Our new wave of terminology—demisexual and polyamorous, genderqueer and two-spirit—has the opposite effect. Yes, it’s easy to mock the proliferation of labels: There are a lot of them! But we should think hard about doubting the importance of these terms. Language grants us the ability to explain ourselves, to put words to what we feel and think and experience. When, in the ’90s, the term transgender was added to the LGB acronym, it wasn’t that transgender people had never existed before that moment. The term was simply new, replacing earlier, less-affirming vocabulary like transvestite, which often fetishized the identity. But the feeling, the experience of self—that had always been there. Having a word for it helped individuals to come out, making that process less tortured and easier to explain to others.

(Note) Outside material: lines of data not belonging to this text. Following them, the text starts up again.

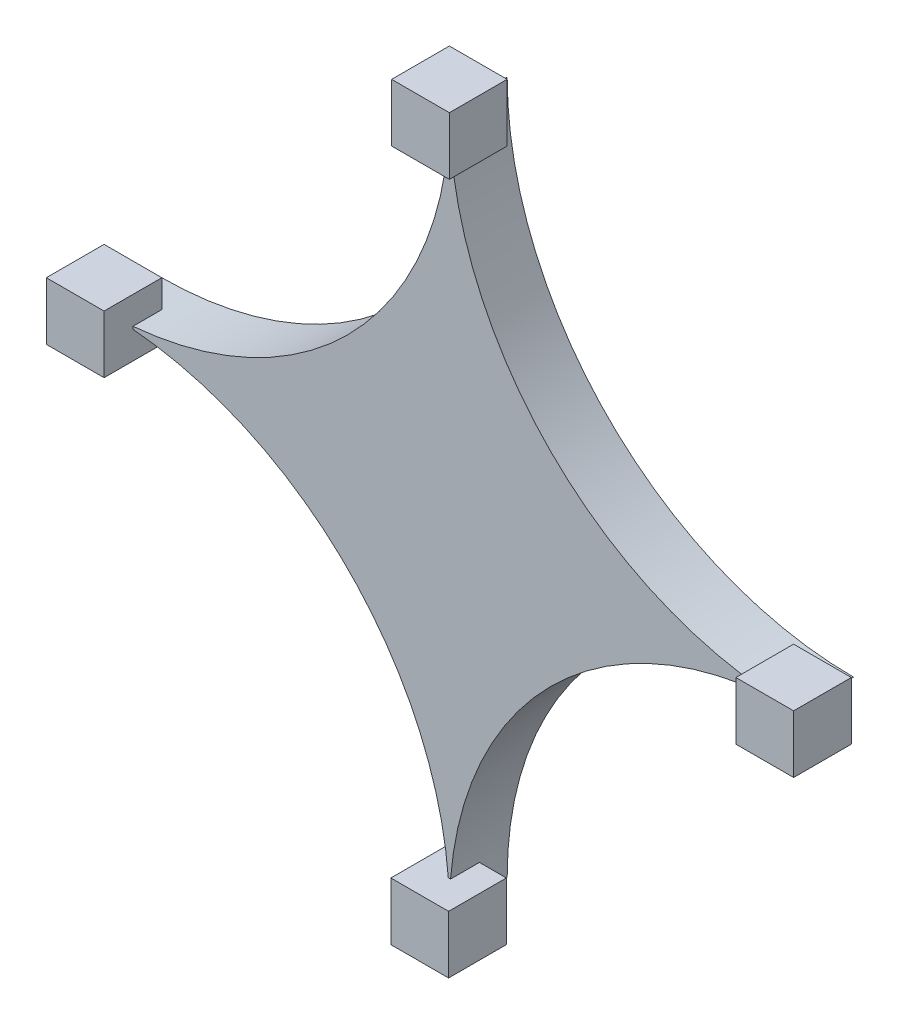
ISO-10303-21;
HEADER;
FILE_DESCRIPTION(('STEP AP214'),'2;1');
FILE_NAME('part.step','',(''),(''),'','','');
FILE_SCHEMA(('AUTOMOTIVE_DESIGN { 1 0 10303 214 1 1 1 1 }'));
ENDSEC;
DATA;
#1=APPLICATION_CONTEXT('core data for automotive mechanical design processes');
#2=APPLICATION_PROTOCOL_DEFINITION('international standard','automotive_design',2000,#1);
#3=PRODUCT_CONTEXT('',#1,'mechanical');
#4=PRODUCT('Part','Part','',(#3));
#5=PRODUCT_RELATED_PRODUCT_CATEGORY('part','',(#4));
#6=PRODUCT_DEFINITION_FORMATION('','',#4);
#7=PRODUCT_DEFINITION_CONTEXT('part definition',#1,'design');
#8=PRODUCT_DEFINITION('design','',#6,#7);
#9=PRODUCT_DEFINITION_SHAPE('','',#8);
#10=(LENGTH_UNIT() NAMED_UNIT(*) SI_UNIT(.MILLI.,.METRE.));
#11=(NAMED_UNIT(*) PLANE_ANGLE_UNIT() SI_UNIT($,.RADIAN.));
#12=(NAMED_UNIT(*) SI_UNIT($,.STERADIAN.) SOLID_ANGLE_UNIT());
#13=UNCERTAINTY_MEASURE_WITH_UNIT(LENGTH_MEASURE(1.E-05),#10,'distance_accuracy_value','');
#14=(GEOMETRIC_REPRESENTATION_CONTEXT(3) GLOBAL_UNCERTAINTY_ASSIGNED_CONTEXT((#13)) GLOBAL_UNIT_ASSIGNED_CONTEXT((#10,
#11,#12)) REPRESENTATION_CONTEXT('',''));
#15=CARTESIAN_POINT('',(0.,0.,0.));
#16=DIRECTION('',(0.,0.,1.));
#17=DIRECTION('',(1.,0.,0.));
#18=AXIS2_PLACEMENT_3D('',#15,#16,#17);
#19=CARTESIAN_POINT('',(-60.0000000000001,0.,10.));
#20=DIRECTION('',(0.,0.,1.));
#21=DIRECTION('',(1.,0.,0.));
#22=AXIS2_PLACEMENT_3D('',#19,#20,#21);
#23=PLANE('',#22);
#24=CARTESIAN_POINT('',(60.,60.,10.));
#25=DIRECTION('',(0.,0.,1.));
#26=DIRECTION('',(1.,0.,0.));
#27=AXIS2_PLACEMENT_3D('',#24,#25,#26);
#28=CIRCLE('',#27,60.);
#29=CARTESIAN_POINT('',(0.238878901161831,54.6513174509981,10.));
#30=VERTEX_POINT('',#29);
#31=CARTESIAN_POINT('',(54.6008487596363,0.243417384494973,10.));
#32=VERTEX_POINT('',#31);
#33=EDGE_CURVE('E380',#30,#32,#28,.T.);
#34=ORIENTED_EDGE('',*,*,#33,.F.);
#35=DIRECTION('',(-1.,0.,0.));
#36=VECTOR('',#35,1.);
#37=CARTESIAN_POINT('',(-60.0000000000001,54.6513174509981,10.));
#38=LINE('',#37,#36);
#39=CARTESIAN_POINT('',(-0.238878901161803,54.6513174509981,10.));
#40=VERTEX_POINT('',#39);
#41=EDGE_CURVE('E56',#30,#40,#38,.T.);
#42=ORIENTED_EDGE('',*,*,#41,.T.);
#43=CARTESIAN_POINT('',(-60.,60.,10.));
#44=DIRECTION('',(0.,0.,1.));
#45=DIRECTION('',(1.,0.,0.));
#46=AXIS2_PLACEMENT_3D('',#43,#44,#45);
#47=CIRCLE('',#46,60.);
#48=CARTESIAN_POINT('',(-54.7983305418478,0.225903312152609,10.));
#49=VERTEX_POINT('',#48);
#50=EDGE_CURVE('E377',#49,#40,#47,.T.);
#51=ORIENTED_EDGE('',*,*,#50,.F.);
#52=DIRECTION('',(0.,-1.,0.));
#53=VECTOR('',#52,1.);
#54=CARTESIAN_POINT('',(-54.7983305418478,0.,10.));
#55=LINE('',#54,#53);
#56=CARTESIAN_POINT('',(-54.7983305418478,-0.225903312152623,10.));
#57=VERTEX_POINT('',#56);
#58=EDGE_CURVE('E289',#49,#57,#55,.T.);
#59=ORIENTED_EDGE('',*,*,#58,.T.);
#60=CARTESIAN_POINT('',(-60.0000000000001,-60.0000000000001,10.));
#61=DIRECTION('',(0.,0.,1.));
#62=DIRECTION('',(1.,0.,0.));
#63=AXIS2_PLACEMENT_3D('',#60,#61,#62);
#64=CIRCLE('',#63,60.0000000000001);
#65=CARTESIAN_POINT('',(-0.193930264407352,-55.179831664617,10.));
#66=VERTEX_POINT('',#65);
#67=EDGE_CURVE('E374',#66,#57,#64,.T.);
#68=ORIENTED_EDGE('',*,*,#67,.F.);
#69=DIRECTION('',(1.,0.,0.));
#70=VECTOR('',#69,1.);
#71=CARTESIAN_POINT('',(-60.0000000000001,-55.179831664617,10.));
#72=LINE('',#71,#70);
#73=CARTESIAN_POINT('',(0.193930264407373,-55.179831664617,10.));
#74=VERTEX_POINT('',#73);
#75=EDGE_CURVE('E397',#66,#74,#72,.T.);
#76=ORIENTED_EDGE('',*,*,#75,.T.);
#77=CARTESIAN_POINT('',(60.0000000000001,-60.0000000000001,10.));
#78=DIRECTION('',(0.,0.,1.));
#79=DIRECTION('',(1.,0.,0.));
#80=AXIS2_PLACEMENT_3D('',#77,#78,#79);
#81=CIRCLE('',#80,60.0000000000001);
#82=CARTESIAN_POINT('',(54.6008487596363,-0.243417384494959,10.));
#83=VERTEX_POINT('',#82);
#84=EDGE_CURVE('E382',#83,#74,#81,.T.);
#85=ORIENTED_EDGE('',*,*,#84,.F.);
#86=DIRECTION('',(0.,1.,0.));
#87=VECTOR('',#86,1.);
#88=CARTESIAN_POINT('',(54.6008487596363,0.,10.));
#89=LINE('',#88,#87);
#90=EDGE_CURVE('E328',#83,#32,#89,.T.);
#91=ORIENTED_EDGE('',*,*,#90,.T.);
#92=EDGE_LOOP('',(#34,#42,#51,#59,#68,#76,#85,#91));
#93=FACE_BOUND('',#92,.T.);
#94=ADVANCED_FACE('F33',(#93),#23,.T.);
#95=CARTESIAN_POINT('',(-60.,60.,10.));
#96=DIRECTION('',(0.,0.,-1.));
#97=DIRECTION('',(-1.,0.,0.));
#98=AXIS2_PLACEMENT_3D('',#95,#96,#97);
#99=CYLINDRICAL_SURFACE('',#98,60.);
#100=ORIENTED_EDGE('',*,*,#50,.T.);
#101=DIRECTION('',(0.,0.,-1.));
#102=VECTOR('',#101,1.);
#103=CARTESIAN_POINT('',(-0.238878901161803,54.6513174509981,10.));
#104=LINE('',#103,#102);
#105=CARTESIAN_POINT('',(-0.238878901161803,54.6513174509981,5.));
#106=VERTEX_POINT('',#105);
#107=EDGE_CURVE('E48',#40,#106,#104,.T.);
#108=ORIENTED_EDGE('',*,*,#107,.T.);
#109=CARTESIAN_POINT('',(-60.,60.,5.));
#110=DIRECTION('',(0.,0.,-1.));
#111=DIRECTION('',(-1.,0.,0.));
#112=AXIS2_PLACEMENT_3D('',#109,#110,#111);
#113=CIRCLE('',#112,60.);
#114=CARTESIAN_POINT('',(0.,60.,5.));
#115=VERTEX_POINT('',#114);
#116=EDGE_CURVE('E245',#115,#106,#113,.T.);
#117=ORIENTED_EDGE('',*,*,#116,.F.);
#118=DIRECTION('',(0.,0.,-1.));
#119=VECTOR('',#118,1.);
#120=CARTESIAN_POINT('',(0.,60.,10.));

Having terminology also creates community: If a word exists to describe something, the implication is that the concept is important enough to merit a term, that there’s a critical mass in need of this word. If the feeling an individual has “dares not speak its name,” then how is one to find others who share that feeling? These labels—all of them, not just the original one or two or three—play a necessary role in generating solidarity.

Though many of the slogans of the early “gay” rights movement now seem antiquated, the queer action group ACT UP coined a phrase that seems more pressing today than ever before: Silence Equals Death. That slogan covered many signs in the early years of AIDS activism, when the Reagan White House sought to cover up, or worse, simply ignore the existence of the disease. We should be reminded of that as we hear about the ways CDC scientists under Trump have learned to censor themselves around certain terms, particularly the word transgender. We should be reminded that to not speak words is to give silence power, and silence breeds ignorance and fear. The ever-expanding LGBTQIA+ acronym shouldn’t be a cause for mockery; it should be a cause for celebration. We should speak these terms loudly and clearly. And we should be ready to explain and expand even further, welcoming new ones as their owners share them with us. Everyone deserves a name.